Went to the pet store last week and picked up an airstone, a beautiful dwarf gourami that I could not resist, and another bn pleco. 

My acclimation process was;

Float the bag in the tank for 15 min
Open top of bag, roll edges down into a makeshift floaty ring to keep bag afloat but separate for another 15 min.
Using 1/4 cup measuring cup, I introduce approx 1/8 cup tank water to bag, wait 30 minutes.
Repeat with another 1/8 cup, wait 30min
Repeat with 1/4 cup, wait 30-45min
Repeat with 1/4 cup/30-45 min wait until the bag is almost entirely tank water(takes most of the afternoon)
Net the fish from the bag and introduce to tank, dispose of bag and store water.

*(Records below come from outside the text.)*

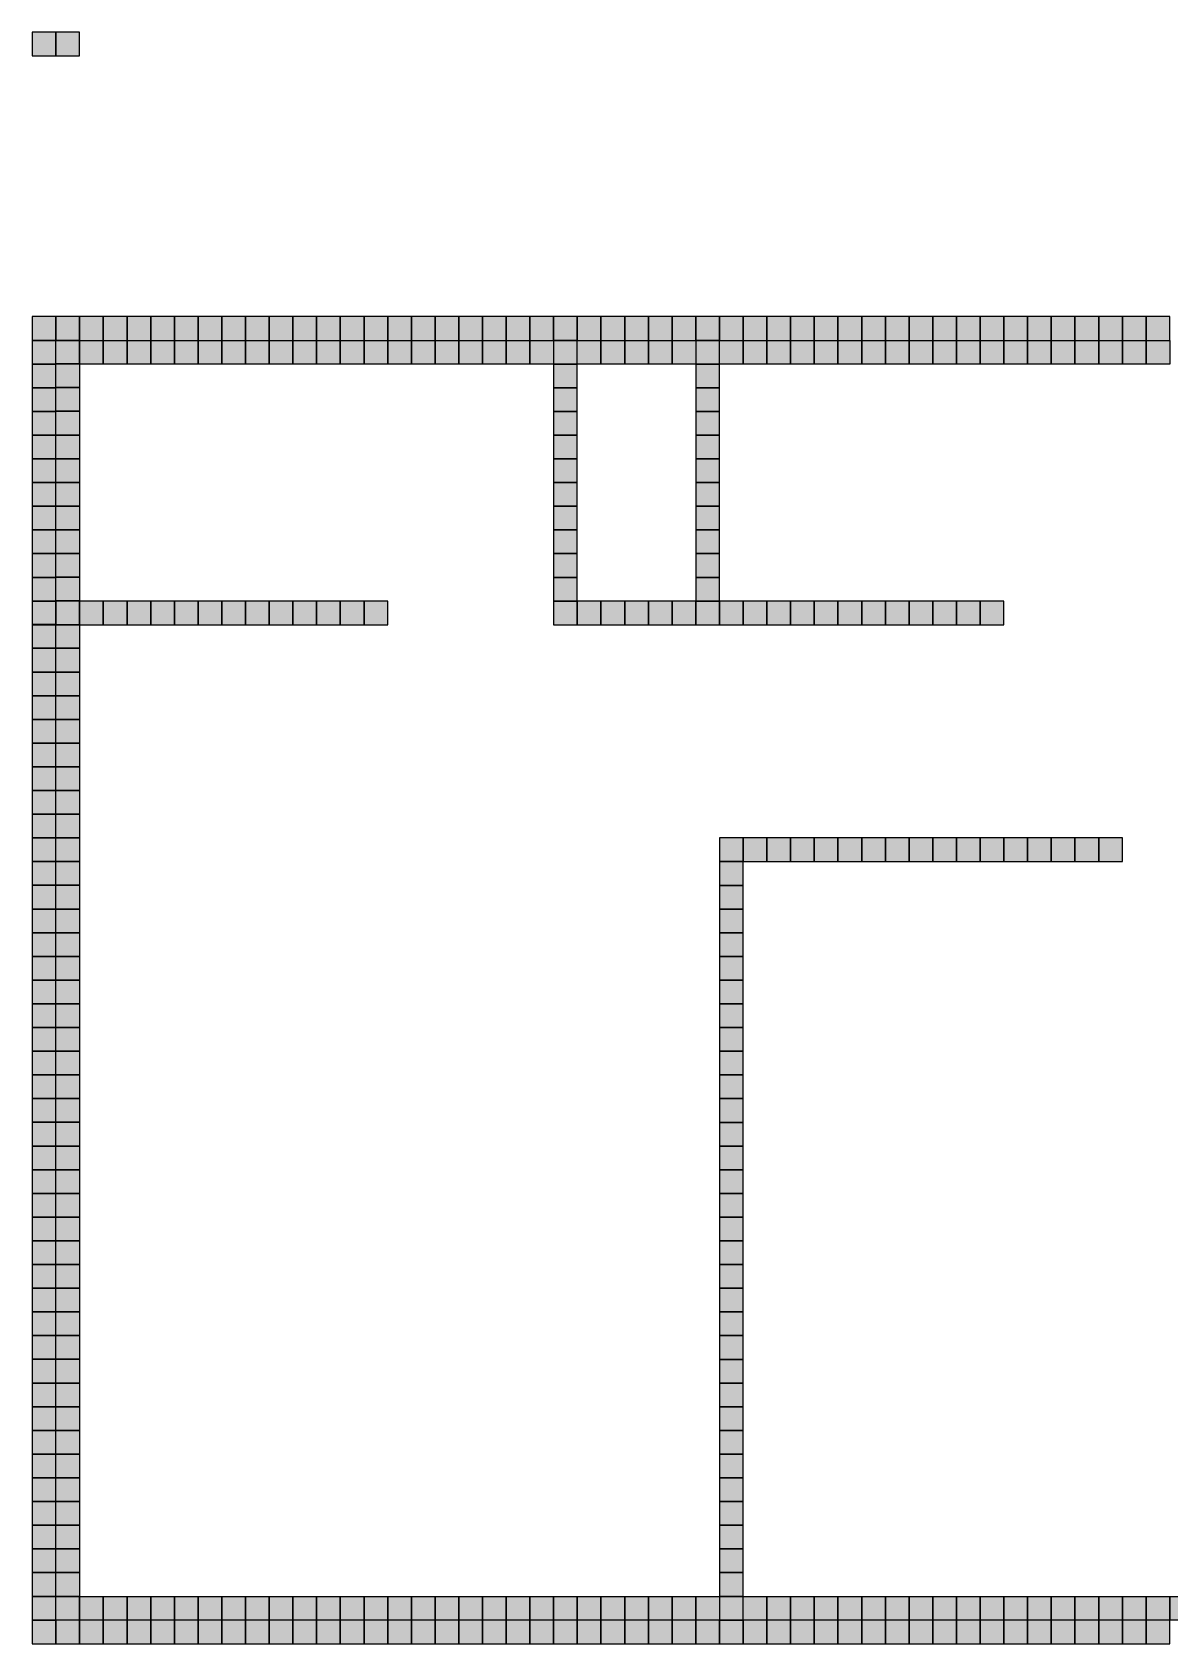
# Model space of a CAD drawing. Header units: inches. Extents: x 0.51 to 8.91, y 0.95 to 7.75.
# Drawn here: x 0.51 to 5.31, y 0.95 to 7.75 of the extents above; entities that cross this region are included whole.
import ezdxf

# ---------------------------------------------------------------- set-up
doc = ezdxf.new("R2010")
doc.units = ezdxf.units.IN
doc.header["$MEASUREMENT"] = 0
doc.layers.add('GRILLA PIXEL', color=7, linetype='Continuous')

# ---------------------------------------------------------------- blocks, each defined once
blk = doc.blocks.new('0-255-135-15-Muro auxiliar escalera')
at = {"layer": 'GRILLA PIXEL', "true_color": 0xff870f}
h = blk.add_hatch(color=30, dxfattribs=at)
h.dxf.hatch_style = 1
h.paths.add_polyline_path([(0, 0), (-0.1, 0), (-0.1, -0.1), (0, -0.1)])
blk.add_lwpolyline([(-0.1, 0), (-0.1, -0.1), (0, -0.1), (0, 0)], close=True)
blk = doc.blocks.new('0-63-149-253-Muro fichas extremo')
at = {"layer": 'GRILLA PIXEL', "true_color": 0x3f95fd}
h = blk.add_hatch(color=153, dxfattribs=at)
h.dxf.hatch_style = 1
h.paths.add_polyline_path([(0, 0), (-0.1, 0), (-0.1, -0.1), (0, -0.1)])
blk.add_lwpolyline([(-0.1, 0), (-0.1, -0.1), (0, -0.1), (0, 0)], close=True)
blk = doc.blocks.new('0-255-0-0-Muro dormitorio principal')
h = blk.add_hatch(color=1)
h.dxf.hatch_style = 1
h.paths.add_polyline_path([(0, 0), (-0.1, 0), (-0.1, -0.1), (0, -0.1)])
blk.add_lwpolyline([(-0.1, 0), (-0.1, -0.1), (0, -0.1), (0, 0)], close=True)
blk = doc.blocks.new('0-203-204-205-Ventana principal')
at = {"layer": 'GRILLA PIXEL', "true_color": 0xcbcccd}
h = blk.add_hatch(color=254, dxfattribs=at)
h.dxf.hatch_style = 1
h.paths.add_polyline_path([(0, 0), (-0.1, 0), (-0.1, -0.1), (0, -0.1)])
blk.add_lwpolyline([(-0.1, 0), (-0.1, -0.1), (0, -0.1), (0, 0)], close=True)
blk = doc.blocks.new('0-255-255-31-Muro alto')
at = {"layer": 'GRILLA PIXEL', "true_color": 0xffff1f}
h = blk.add_hatch(color=2, dxfattribs=at)
h.dxf.hatch_style = 1
h.paths.add_polyline_path([(0, 0), (-0.1, 0), (-0.1, -0.1), (0, -0.1)])
blk.add_lwpolyline([(-0.1, 0), (-0.1, -0.1), (0, -0.1), (0, 0)], close=True)
blk = doc.blocks.new('0-3-160-22-Ventana comun')
at = {"layer": 'GRILLA PIXEL', "true_color": 0x03a016}
h = blk.add_hatch(color=104, dxfattribs=at)
h.dxf.hatch_style = 1
h.paths.add_polyline_path([(0, 0), (-0.1, 0), (-0.1, -0.1), (0, -0.1)])
blk.add_lwpolyline([(-0.1, 0), (-0.1, -0.1), (0, -0.1), (0, 0)], close=True)
blk = doc.blocks.new('1-61-61-62-auxiliar ubicacion inicial')
at = {"layer": 'GRILLA PIXEL', "true_color": 0x3d3d3e}
h = blk.add_hatch(color=250, dxfattribs=at)
h.dxf.hatch_style = 1
h.paths.add_polyline_path([(0, 0), (-0.1, 0), (-0.1, -0.1), (0, -0.1)])
blk.add_lwpolyline([(-0.1, 0), (-0.1, -0.1), (0, -0.1), (0, 0)], close=True)
blk = doc.blocks.new('1-99-100-102-auxiliar lado interno')
at = {"lineweight": 70, "true_color": 0x636466}
h = blk.add_hatch(color=251, dxfattribs=at)
h.dxf.hatch_style = 1
h.paths.add_polyline_path([(-0.1, -0.1), (-0.1, 0), (0, 0), (0, -0.1)])
blk.add_lwpolyline([(0, 0), (0, -0.1), (-0.1, -0.1), (-0.1, 0)], close=True)
blk = doc.blocks.new('pixel extremo ventana')
h = blk.add_hatch(color=136)
h.dxf.hatch_style = 1
h.paths.add_polyline_path([(0, 0), (-0.1, 0), (-0.1, -0.1), (0, -0.1)])
blk.add_lwpolyline([(-0.1, 0), (-0.1, -0.1), (0, -0.1), (0, 0)], close=True)

msp = doc.modelspace()

# ---------------------------------------------------------------- block references
for name, p in [('1-61-61-62-auxiliar ubicacion inicial', (0.6061, 7.7464)), ('1-61-61-62-auxiliar ubicacion inicial', (0.7061, 7.7464)), ('0-255-135-15-Muro auxiliar escalera', (0.6061, 6.5464)), ('0-255-135-15-Muro auxiliar escalera', (0.7061, 6.5464)), ('0-63-149-253-Muro fichas extremo', (0.8061, 6.5464)), ('0-63-149-253-Muro fichas extremo', (0.9061, 6.5464)), ('0-63-149-253-Muro fichas extremo', (1.0061, 6.5464)), ('0-63-149-253-Muro fichas extremo', (1.1061, 6.5464)), ('0-63-149-253-Muro fichas extremo', (1.2061, 6.5464)), ('0-63-149-253-Muro fichas extremo', (1.3061, 6.5464)), ('0-63-149-253-Muro fichas extremo', (1.4061, 6.5464)), ('0-63-149-253-Muro fichas extremo', (1.5061, 6.5464)), ('0-63-149-253-Muro fichas extremo', (1.6061, 6.5464)), ('0-63-149-253-Muro fichas extremo', (1.7061, 6.5464)), ('0-63-149-253-Muro fichas extremo', (1.8061, 6.5464)), ('0-63-149-253-Muro fichas extremo', (1.9061, 6.5464)), ('0-63-149-253-Muro fichas extremo', (2.0061, 6.5464)), ('0-63-149-253-Muro fichas extremo', (2.1061, 6.5464)), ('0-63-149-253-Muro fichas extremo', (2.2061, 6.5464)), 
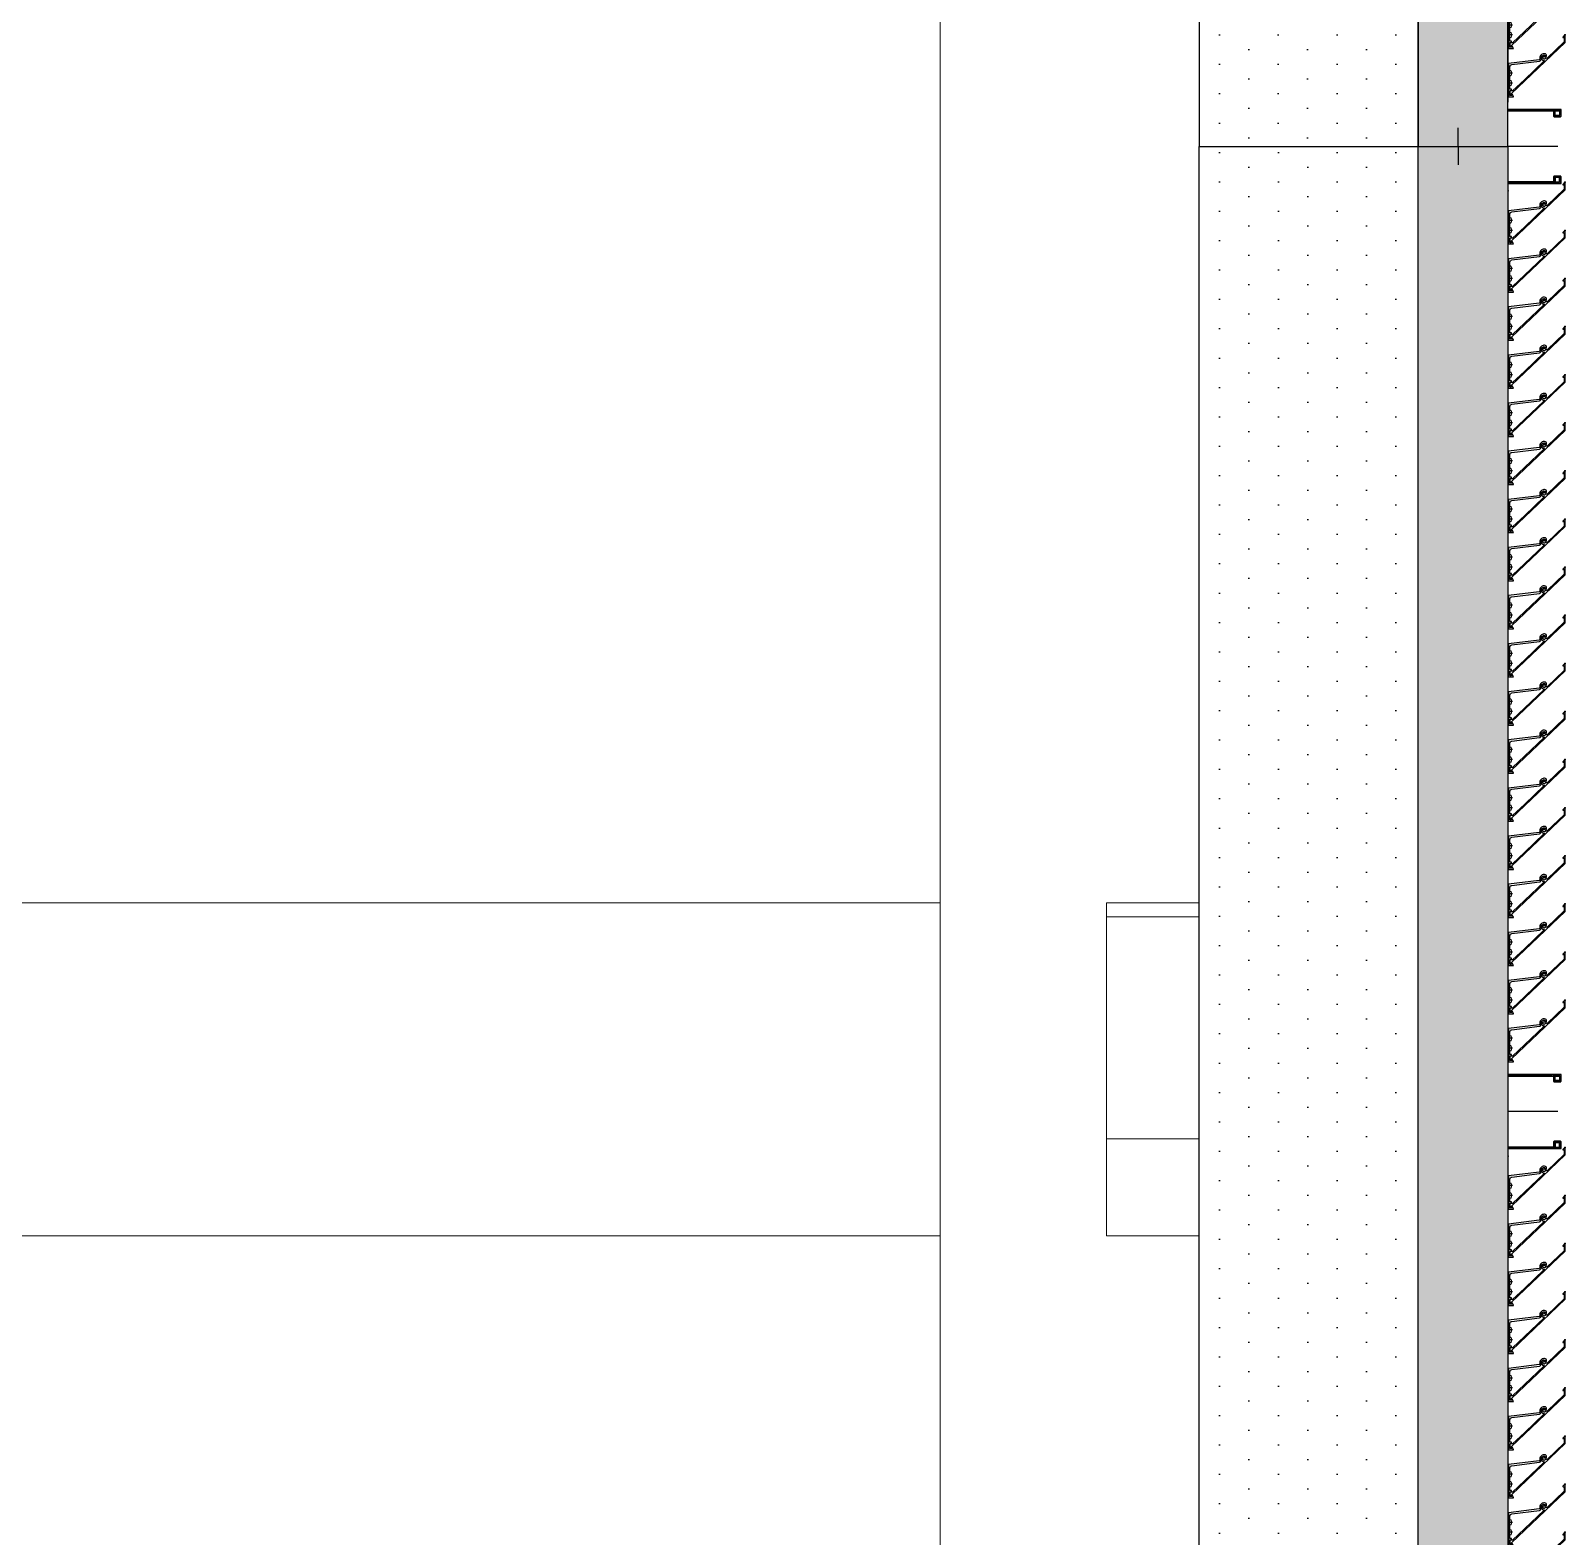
# Model space of a CAD drawing. Header units: millimetres. Extents: x 3774 to 718460, y -768339 to 192544.
# Drawn here: x 379989 to 382062, y -727615 to -725581 of the extents above; entities that cross this region are included whole.
import ezdxf

# ---------------------------------------------------------------- set-up
doc = ezdxf.new("R2010")
doc.units = ezdxf.units.MM
doc.set_wipeout_variables(frame=1)
doc.linetypes.add('CENTER', pattern=[50.8, 31.75, -6.35, 6.35, -6.35])
doc.linetypes.add('XKITLINE00', pattern=[0])
for name, color, linetype in [('010 - ASPG_ACCESSORIES_MAIN_COLOR_1', 7, 'Continuous'), ('010 - ASPG_EXTR_DEF_SUB', 7, 'Continuous'), ('010 - ASPG_EXTR_MAIN_COLOR_2', 7, 'Continuous'), ('010 - ASPG_FASTERN_DEF_SUB', 7, 'Continuous'), ('010 - ASPG_FLASHING_MAIN_COLOR_2', 7, 'Continuous'), ('010 - ASPG_FLASHING_MAIN_COLOR_4', 7, 'Continuous'), ('010 - ASPG_FLASHING_WIPEOUT_', 7, 'Continuous'), ('010 - ASPG_FRAMING_CUT_COLOR_4', 7, 'Continuous'), ('010 - ASPG_FRAMING_DEF_SUB', 7, 'Continuous'), ('010 - ASPG_FRAMING_HATCH_', 7, 'Continuous'), ('010 - ASPG_FRAMING_MAIN_COLOR_2', 7, 'Continuous'), ('010 - ASPG_FRAMING_SUB_COLOR_2', 7, 'Continuous'), ('010 - ASPG_FRAMING_WIPEOUT_', 7, 'Continuous'), ('BOLT & SCREW', 7, 'Continuous'), ('Center Line', 7, 'CENTER')]:
    doc.layers.add(name, color=color, linetype=linetype)
for name, color, linetype, lineweight in [('12-GRID', 7, 'CENTER', 13), ('Bolt', 7, 'Continuous', 0), ('Part', 7, 'Continuous', 0), ('SCREW', 7, 'Continuous', 5)]:
    doc.layers.add(name, color=color, linetype=linetype, lineweight=lineweight)
pattern_1 = [(270, (1257419.24324, -520041.6224), (0.65495992507, -1.1344238721), [0.7562825814, -1.5125651628]), (30, (1257419.24324, -520041.6224), (0.65495992936, 1.1344238696), [0.7562825814, -1.5125651628]), (330, (1257419.24324, -520041.6224), (1.30991985442, -2.48e-09), [-1.5125651628, 0.7562825814])]
pattern_2 = [(315, (1257419.4929, -520021.6224), (1.3369313545, 1.3369313545), []), (45, (1257419.4929, -520021.6224), (-1.3369313545, 1.3369313545), [])]
pattern_3 = [(270, (1257419.4425, -520043.9224), (0.65495992507, -1.1344238721), [0.7562825814, -1.5125651628]), (30, (1257419.4425, -520043.9224), (0.65495992936, 1.1344238696), [0.7562825814, -1.5125651628]), (330, (1257419.4425, -520043.9224), (1.30991985442, -2.48e-09), [-1.5125651628, 0.7562825814])]
pattern_4 = [(315, (1257419.1929, -520023.9224), (1.3369313545, 1.3369313545), []), (45, (1257419.1929, -520023.9224), (-1.3369313545, 1.3369313545), [])]
pattern_5 = [(0, (0, 0), (3.96875, 7.9375), [0, -7.9375])]
pattern_6 = [(0, (0, 0), (19.84375, 39.6875), [0, -39.6875])]

# ---------------------------------------------------------------- blocks, each defined once
blk = doc.blocks.new('*A622944')
at = {"layer": 'Part', "color": 7, "linetype": 'XKITLINE00', "lineweight": 0}
for p, q in [((2029.848, -103.448028), (2027.448, -103.448028)), ((2027.448, -103.448028), (2027.448, -105.848028)), ((2029.848, -105.848028), (2029.848, -103.448028)), ((2027.448, -105.848028), (2029.848, -105.848028))]:
    blk.add_line(p, q, dxfattribs=at)
blk = doc.blocks.new('*A632945')
at = {"layer": 'Part', "color": 7, "linetype": 'XKITLINE00', "lineweight": 0}
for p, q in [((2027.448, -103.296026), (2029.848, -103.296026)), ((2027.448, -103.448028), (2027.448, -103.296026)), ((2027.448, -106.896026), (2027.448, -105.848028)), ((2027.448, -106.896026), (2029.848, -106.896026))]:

I know I should be doing this into a quarantine tank, and if I notice anything suspicious during the acclimation process I relocate my Betta into a bowl for a few weeks and the new fishy goes into his 5gal, but if the fish seems healthy, I tend to just go for it... <_<;; bad habit I know.

Anyway- this acclimation process has worked very well for me in the past, and I can say for sure the gourami is as happy as can be - his colors have brightened considerably over the past 3-4 days, and they looked great to begin with.

As for the pleco - he hasn't died yet 
He, like all his recent predecessors, seems to have survived the acclimation process well enough. I haven't caught him eating anything yet, though. I picked up some omega shrimp pellets and some 'stick-to-the-glass' tuna wafers, but they seem to go ignored until they soften up enough for the guppies to get at them. Have tried omega algae wafers, omega shrimp pellets, hikari algae wafers, and those tetra brand tuna wafers. I catch him all over the glass at night, but there's no real algae growth there - at MOST it's the faintest hintings of the beginnings of a possible algae film. I doubt it's enough for him to live on. 

He spends most of his day hiding behind the filter, heater, or one of the sword plants, but he has started to venture out in the past day or two as he settles in... But in my experience a healthy pleco is a eating and pooping MACHINE, and I haven't seen that at all, so I dunno if the airstone is doing anything yet.

I do drop his food in about an hour after lights out, and it is gone in the morning, but he's not really pooping and my guppies are getting FAT so I think the food is going into the wrong tummies.
_Posted via Mobile Device_


----------



## 1077

I have a male /female pair of longfinned albino bristlenose,and one large, old, male Bristlenose.(common)
They enjoy New life spectrum (large pellet') and vegetable matter in the form of zuchinni,fleshy side of bananna skin,sweet red bell pepper,romain lettuce,spinach leaves.
Also feed mixture of cichlid pellet's and shrimp pellet's after dark for the catfish.
Acclimation sound's good but I would add the 1/4 cup tank water at a rate of every five to eight minutes.Should not need to wait 30 to 40 minutes .


----------



## Byron

One suggeestion on the feeding after lights out...wait until it is pitch black dark. By which i mean no ambient/room lights. Fish are still active in dim light, and the guppy or other fish may well find and eat food. But in total darkness, "day" fish are at rest and the nocturnal fish will be out and about. 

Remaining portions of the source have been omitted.